**RECORD EXCERPTS**.
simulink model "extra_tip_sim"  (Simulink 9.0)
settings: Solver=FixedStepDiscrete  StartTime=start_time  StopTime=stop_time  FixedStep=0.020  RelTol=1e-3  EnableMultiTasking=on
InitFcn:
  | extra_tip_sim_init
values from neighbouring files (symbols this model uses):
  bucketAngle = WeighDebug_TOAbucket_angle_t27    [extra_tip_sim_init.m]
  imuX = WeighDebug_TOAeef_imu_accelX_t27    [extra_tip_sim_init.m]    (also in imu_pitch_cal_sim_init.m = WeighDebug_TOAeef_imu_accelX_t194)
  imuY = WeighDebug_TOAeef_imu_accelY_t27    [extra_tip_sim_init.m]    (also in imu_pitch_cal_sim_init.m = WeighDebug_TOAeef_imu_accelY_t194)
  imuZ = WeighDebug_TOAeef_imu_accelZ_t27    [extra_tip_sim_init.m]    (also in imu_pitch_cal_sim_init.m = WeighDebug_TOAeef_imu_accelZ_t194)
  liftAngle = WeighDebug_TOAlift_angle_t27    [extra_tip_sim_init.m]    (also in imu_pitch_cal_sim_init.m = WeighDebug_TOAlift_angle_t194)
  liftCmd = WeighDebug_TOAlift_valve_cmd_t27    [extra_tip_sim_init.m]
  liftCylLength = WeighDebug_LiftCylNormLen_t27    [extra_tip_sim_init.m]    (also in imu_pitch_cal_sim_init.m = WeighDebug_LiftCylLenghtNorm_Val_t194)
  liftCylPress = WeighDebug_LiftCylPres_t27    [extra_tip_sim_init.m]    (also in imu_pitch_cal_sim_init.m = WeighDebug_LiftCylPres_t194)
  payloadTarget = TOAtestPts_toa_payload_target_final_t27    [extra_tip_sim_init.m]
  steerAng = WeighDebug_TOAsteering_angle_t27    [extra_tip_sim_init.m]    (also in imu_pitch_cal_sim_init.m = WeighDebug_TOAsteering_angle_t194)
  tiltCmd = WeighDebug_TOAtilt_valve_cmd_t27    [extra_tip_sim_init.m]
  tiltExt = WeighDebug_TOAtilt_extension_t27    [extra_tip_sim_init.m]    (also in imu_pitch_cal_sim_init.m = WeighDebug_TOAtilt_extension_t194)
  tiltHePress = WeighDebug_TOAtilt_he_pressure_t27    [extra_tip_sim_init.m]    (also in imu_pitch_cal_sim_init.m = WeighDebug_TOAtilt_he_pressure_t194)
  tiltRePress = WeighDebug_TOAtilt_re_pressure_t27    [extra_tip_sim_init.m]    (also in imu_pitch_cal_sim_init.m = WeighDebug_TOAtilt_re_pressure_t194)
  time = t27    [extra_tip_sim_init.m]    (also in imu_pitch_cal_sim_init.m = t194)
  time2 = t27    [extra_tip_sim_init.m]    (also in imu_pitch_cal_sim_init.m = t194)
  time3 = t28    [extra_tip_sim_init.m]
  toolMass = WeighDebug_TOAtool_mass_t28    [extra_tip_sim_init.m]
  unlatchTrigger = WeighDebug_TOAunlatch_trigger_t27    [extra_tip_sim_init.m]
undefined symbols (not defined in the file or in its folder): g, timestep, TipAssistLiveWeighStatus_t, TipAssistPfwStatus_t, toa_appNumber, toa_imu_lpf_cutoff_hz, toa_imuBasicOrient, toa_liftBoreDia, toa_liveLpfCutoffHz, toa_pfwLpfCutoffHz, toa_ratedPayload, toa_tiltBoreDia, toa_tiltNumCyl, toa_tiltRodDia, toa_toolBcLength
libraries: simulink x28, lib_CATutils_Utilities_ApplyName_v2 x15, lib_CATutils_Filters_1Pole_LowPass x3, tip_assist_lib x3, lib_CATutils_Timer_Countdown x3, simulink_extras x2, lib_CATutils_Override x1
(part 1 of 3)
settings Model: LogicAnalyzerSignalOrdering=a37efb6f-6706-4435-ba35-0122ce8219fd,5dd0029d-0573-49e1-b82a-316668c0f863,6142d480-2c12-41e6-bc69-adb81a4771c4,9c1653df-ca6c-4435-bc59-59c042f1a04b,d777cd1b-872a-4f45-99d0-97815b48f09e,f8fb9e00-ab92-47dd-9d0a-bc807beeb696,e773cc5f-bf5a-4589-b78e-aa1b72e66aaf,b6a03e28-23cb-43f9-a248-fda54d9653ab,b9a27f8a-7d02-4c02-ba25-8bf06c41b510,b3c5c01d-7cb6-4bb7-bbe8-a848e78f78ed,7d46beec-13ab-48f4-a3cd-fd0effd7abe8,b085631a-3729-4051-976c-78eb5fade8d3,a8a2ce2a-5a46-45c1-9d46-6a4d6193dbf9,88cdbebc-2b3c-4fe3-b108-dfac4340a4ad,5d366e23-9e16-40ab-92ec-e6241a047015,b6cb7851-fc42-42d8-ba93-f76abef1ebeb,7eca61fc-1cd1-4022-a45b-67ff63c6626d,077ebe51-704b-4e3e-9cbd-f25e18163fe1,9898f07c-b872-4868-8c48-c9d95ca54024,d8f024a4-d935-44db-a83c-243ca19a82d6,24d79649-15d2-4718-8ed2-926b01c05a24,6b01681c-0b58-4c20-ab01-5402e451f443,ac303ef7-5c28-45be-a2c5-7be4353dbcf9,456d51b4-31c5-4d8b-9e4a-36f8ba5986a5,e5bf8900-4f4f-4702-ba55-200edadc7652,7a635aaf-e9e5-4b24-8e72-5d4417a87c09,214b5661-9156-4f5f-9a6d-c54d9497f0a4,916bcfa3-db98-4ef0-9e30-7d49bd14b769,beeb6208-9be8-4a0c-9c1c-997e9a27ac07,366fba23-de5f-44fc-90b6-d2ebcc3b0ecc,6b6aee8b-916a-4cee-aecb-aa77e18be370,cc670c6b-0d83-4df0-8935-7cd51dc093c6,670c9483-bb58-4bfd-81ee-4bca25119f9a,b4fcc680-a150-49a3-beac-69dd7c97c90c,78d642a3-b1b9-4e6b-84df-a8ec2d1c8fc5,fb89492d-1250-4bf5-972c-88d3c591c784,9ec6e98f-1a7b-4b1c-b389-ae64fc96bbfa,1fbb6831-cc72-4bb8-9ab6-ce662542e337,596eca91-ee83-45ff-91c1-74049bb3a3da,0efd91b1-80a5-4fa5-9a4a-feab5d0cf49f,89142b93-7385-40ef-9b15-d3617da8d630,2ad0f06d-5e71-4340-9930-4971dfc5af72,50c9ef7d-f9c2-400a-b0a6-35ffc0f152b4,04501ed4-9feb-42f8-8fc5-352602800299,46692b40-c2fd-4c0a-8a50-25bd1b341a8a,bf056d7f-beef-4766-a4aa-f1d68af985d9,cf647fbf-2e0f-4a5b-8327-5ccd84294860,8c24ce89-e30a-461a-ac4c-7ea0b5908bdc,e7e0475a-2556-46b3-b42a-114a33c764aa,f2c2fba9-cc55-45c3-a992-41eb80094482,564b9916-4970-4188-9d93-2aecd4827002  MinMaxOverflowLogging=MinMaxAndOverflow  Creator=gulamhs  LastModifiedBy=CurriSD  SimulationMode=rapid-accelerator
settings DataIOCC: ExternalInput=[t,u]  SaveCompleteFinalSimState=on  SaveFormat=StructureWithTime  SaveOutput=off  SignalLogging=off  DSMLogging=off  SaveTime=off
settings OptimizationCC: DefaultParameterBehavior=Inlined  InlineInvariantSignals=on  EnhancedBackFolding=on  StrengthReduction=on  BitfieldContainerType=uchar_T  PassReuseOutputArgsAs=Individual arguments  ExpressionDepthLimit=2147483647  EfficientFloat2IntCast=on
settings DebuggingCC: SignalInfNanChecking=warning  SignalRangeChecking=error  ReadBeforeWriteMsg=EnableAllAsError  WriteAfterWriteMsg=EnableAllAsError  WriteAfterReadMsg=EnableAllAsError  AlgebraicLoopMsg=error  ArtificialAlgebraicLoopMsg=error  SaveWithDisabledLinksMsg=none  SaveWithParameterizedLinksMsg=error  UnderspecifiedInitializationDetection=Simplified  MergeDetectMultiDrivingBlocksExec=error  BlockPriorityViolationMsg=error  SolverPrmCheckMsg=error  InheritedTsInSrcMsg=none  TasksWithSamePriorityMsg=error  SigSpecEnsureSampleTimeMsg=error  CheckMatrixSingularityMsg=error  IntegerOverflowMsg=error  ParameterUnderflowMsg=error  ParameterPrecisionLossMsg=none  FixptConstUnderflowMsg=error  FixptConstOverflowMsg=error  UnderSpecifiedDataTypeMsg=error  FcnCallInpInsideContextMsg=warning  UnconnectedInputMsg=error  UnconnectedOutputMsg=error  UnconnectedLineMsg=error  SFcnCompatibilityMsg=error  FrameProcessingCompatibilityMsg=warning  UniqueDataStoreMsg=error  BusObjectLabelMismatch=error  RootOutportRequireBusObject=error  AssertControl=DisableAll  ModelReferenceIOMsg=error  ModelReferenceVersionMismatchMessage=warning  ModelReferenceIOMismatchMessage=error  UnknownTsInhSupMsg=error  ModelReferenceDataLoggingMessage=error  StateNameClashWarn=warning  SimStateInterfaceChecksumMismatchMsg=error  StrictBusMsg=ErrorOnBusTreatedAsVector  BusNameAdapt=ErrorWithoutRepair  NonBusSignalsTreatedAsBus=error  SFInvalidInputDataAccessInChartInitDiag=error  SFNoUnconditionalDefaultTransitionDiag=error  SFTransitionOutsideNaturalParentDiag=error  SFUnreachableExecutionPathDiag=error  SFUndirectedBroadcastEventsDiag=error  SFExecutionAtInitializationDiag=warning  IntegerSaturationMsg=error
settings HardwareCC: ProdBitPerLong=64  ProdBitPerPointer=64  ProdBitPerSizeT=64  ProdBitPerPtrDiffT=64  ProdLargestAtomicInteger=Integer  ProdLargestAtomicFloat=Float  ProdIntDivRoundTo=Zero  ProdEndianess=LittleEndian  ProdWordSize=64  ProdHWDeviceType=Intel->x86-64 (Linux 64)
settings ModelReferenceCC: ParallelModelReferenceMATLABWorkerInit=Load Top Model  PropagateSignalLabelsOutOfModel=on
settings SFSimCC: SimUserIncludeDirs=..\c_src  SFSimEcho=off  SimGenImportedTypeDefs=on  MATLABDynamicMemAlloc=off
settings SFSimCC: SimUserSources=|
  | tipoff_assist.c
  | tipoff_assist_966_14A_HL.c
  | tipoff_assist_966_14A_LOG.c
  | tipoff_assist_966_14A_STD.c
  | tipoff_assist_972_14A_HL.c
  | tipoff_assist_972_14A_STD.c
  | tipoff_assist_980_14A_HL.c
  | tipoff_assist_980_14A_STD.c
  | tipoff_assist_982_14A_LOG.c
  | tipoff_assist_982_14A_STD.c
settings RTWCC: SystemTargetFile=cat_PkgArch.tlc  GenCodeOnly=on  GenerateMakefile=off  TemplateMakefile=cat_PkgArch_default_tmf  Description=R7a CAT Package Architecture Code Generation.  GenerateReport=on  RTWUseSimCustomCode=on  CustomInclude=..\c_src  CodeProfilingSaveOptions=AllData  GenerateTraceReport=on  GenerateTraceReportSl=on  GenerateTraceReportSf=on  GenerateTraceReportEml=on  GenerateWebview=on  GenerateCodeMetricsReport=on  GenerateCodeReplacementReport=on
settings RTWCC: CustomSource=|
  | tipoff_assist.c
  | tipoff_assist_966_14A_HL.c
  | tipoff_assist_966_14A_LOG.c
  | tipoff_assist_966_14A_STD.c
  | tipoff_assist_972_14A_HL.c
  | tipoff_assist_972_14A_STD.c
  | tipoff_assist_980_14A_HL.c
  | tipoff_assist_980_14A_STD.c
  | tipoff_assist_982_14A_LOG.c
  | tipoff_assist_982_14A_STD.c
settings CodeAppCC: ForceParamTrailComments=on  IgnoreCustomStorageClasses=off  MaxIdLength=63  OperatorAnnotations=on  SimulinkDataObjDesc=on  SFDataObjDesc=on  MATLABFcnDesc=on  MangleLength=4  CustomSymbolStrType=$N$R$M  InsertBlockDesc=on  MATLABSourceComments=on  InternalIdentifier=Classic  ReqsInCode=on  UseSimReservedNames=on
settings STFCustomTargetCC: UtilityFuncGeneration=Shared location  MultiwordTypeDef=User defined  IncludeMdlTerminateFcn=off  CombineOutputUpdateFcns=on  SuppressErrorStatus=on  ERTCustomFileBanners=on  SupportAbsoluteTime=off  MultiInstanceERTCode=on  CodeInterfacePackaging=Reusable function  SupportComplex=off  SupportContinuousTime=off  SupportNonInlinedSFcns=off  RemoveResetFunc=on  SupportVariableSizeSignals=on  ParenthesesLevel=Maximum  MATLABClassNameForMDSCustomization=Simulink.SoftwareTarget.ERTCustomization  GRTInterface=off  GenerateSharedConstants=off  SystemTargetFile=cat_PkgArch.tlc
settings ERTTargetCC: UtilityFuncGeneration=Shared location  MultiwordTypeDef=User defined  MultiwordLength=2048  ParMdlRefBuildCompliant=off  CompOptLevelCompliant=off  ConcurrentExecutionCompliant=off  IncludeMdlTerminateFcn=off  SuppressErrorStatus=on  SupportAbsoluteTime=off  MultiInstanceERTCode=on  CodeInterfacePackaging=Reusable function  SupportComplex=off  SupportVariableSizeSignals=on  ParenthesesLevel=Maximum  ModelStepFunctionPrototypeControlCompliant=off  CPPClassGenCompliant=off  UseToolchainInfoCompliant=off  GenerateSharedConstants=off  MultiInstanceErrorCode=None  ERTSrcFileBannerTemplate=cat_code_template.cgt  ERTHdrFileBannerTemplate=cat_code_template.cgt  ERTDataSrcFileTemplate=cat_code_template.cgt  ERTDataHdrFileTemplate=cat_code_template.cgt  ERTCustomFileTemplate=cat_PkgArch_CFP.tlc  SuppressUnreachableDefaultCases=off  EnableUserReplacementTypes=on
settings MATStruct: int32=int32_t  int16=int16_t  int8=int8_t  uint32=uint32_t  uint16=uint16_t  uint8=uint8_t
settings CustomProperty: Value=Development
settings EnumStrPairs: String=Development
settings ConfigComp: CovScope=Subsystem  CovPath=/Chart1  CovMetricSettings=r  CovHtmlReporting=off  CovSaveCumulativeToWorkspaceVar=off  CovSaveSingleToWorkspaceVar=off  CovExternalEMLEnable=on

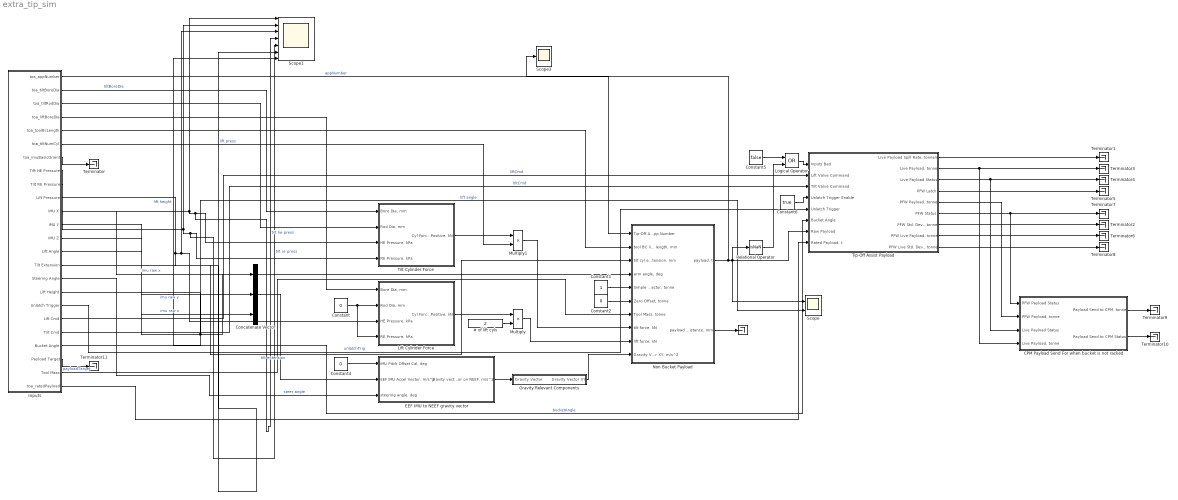
== system extra_tip_sim ==
  " " : Terminator
  # of lift cyls : Constant  Value=2  OutDataTypeStr=single
  CPM Payload Send For when bucket is not racked : Subsystem  AncestorBlock=tip_assist_lib_support/Tip-Off Assist Support Lib/CPM Payload Send For when bucket is not racked
  Concatenate Vector : Concatenate  NumInputs=3  Mode=Multidimensional array
  Constant : Constant  Value=0  OutDataTypeStr=Inherit: Inherit via back propagation
  Constant1 : Constant  OutDataTypeStr=single
  Constant2 : Constant  Value=0  OutDataTypeStr=Inherit: Inherit via back propagation
  Constant4 : Constant  Value=0  OutDataTypeStr=single
  Constant5 : Constant  Value=false  OutDataTypeStr=boolean
  Constant6 : Constant  Value=true  OutDataTypeStr=boolean
  EEF IMU to NEEF gravity vector : Subsystem
  Gravity Relevant Components : Subsystem
  "Inputs " : Subsystem
  Lift Cylinder Force : Subsystem
  Logical Operator : Logic  Operator=OR  AllPortsSameDT=off  OutDataTypeStr=boolean
  Multiply : Product  SaturateOnIntegerOverflow=on  RndMeth=Zero  InputSameDT=on  OutDataTypeStr=Inherit: Same as first input
  Multiply1 : Product  SaturateOnIntegerOverflow=on  RndMeth=Zero  InputSameDT=on  OutDataTypeStr=Inherit: Same as first input
  Non Bucket Payload : Subsystem
  Relational Operator : RelationalOperator  Operator=isNaN  OutDataTypeStr=boolean  RndMeth=Simplest
  Scope : Scope  NumInputPorts=2
  Scope1 : Scope  NumInputPorts=7
  Scope3 : Scope
  Terminator{,1..11} (12 alike) : Terminator
  Tilt Cylinder Force : Subsystem
  Tip-Off Assist Payload : Subsystem  AncestorBlock=tip_assist_lib_support/Tip-Off Assist Support Lib/Tip-Off Assist Payload
  wires:
  Multiply/1 -> Non Bucket Payload/9("lift force, kN")
  Non Bucket Payload/1("payload, t") -> Scope3/1, Tip-Off Assist Payload/7(Raw Payload), Scope/1, Relational Operator/1
  Multiply1/1 -> Non Bucket Payload/8("tilt force, kN")
  "Inputs "/6(toa_tiltNumCyl) -> Multiply1/2
  EEF IMU to NEEF gravity vector/1("gravity vector on NEEF, m/s^2") -> Gravity Relevant Components/1(Gravity Vector)
  Lift Cylinder Force/1("Cyl Force, Compression Positive, kN") -> Multiply/1
  Non Bucket Payload/2("payload distance, mm") -> " "/1
  # of lift cyls/1 -> Multiply/2
  Tilt Cylinder Force/1("Cyl Force, Compression Positive, kN") -> Multiply1/1
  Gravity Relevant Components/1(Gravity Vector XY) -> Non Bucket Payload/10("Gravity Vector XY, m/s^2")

**WHAT YOU HAVE TO DO**. Using the records above, find and show each line with the string "function".

**TASK ANSWER**.
settings STFCustomTargetCC: UtilityFuncGeneration=Shared location  MultiwordTypeDef=User defined  IncludeMdlTerminateFcn=off  CombineOutputUpdateFcns=on  SuppressErrorStatus=on  ERTCustomFileBanners=on  SupportAbsoluteTime=off  MultiInstanceERTCode=on  CodeInterfacePackaging=Reusable function  SupportComplex=off  SupportContinuousTime=off  SupportNonInlinedSFcns=off  RemoveResetFunc=on  SupportVariableSizeSignals=on  ParenthesesLevel=Maximum  MATLABClassNameForMDSCustomization=Simulink.SoftwareTarget.ERTCustomization  GRTInterface=off  GenerateSharedConstants=off  SystemTargetFile=cat_PkgArch.tlc
settings ERTTargetCC: UtilityFuncGeneration=Shared location  MultiwordTypeDef=User defined  MultiwordLength=2048  ParMdlRefBuildCompliant=off  CompOptLevelCompliant=off  ConcurrentExecutionCompliant=off  IncludeMdlTerminateFcn=off  SuppressErrorStatus=on  SupportAbsoluteTime=off  MultiInstanceERTCode=on  CodeInterfacePackaging=Reusable function  SupportComplex=off  SupportVariableSizeSignals=on  ParenthesesLevel=Maximum  ModelStepFunctionPrototypeControlCompliant=off  CPPClassGenCompliant=off  UseToolchainInfoCompliant=off  GenerateSharedConstants=off  MultiInstanceErrorCode=None  ERTSrcFileBannerTemplate=cat_code_template.cgt  ERTHdrFileBannerTemplate=cat_code_template.cgt  ERTDataSrcFileTemplate=cat_code_template.cgt  ERTDataHdrFileTemplate=cat_code_template.cgt  ERTCustomFileTemplate=cat_PkgArch_CFP.tlc  SuppressUnreachableDefaultCases=off  EnableUserReplacementTypes=on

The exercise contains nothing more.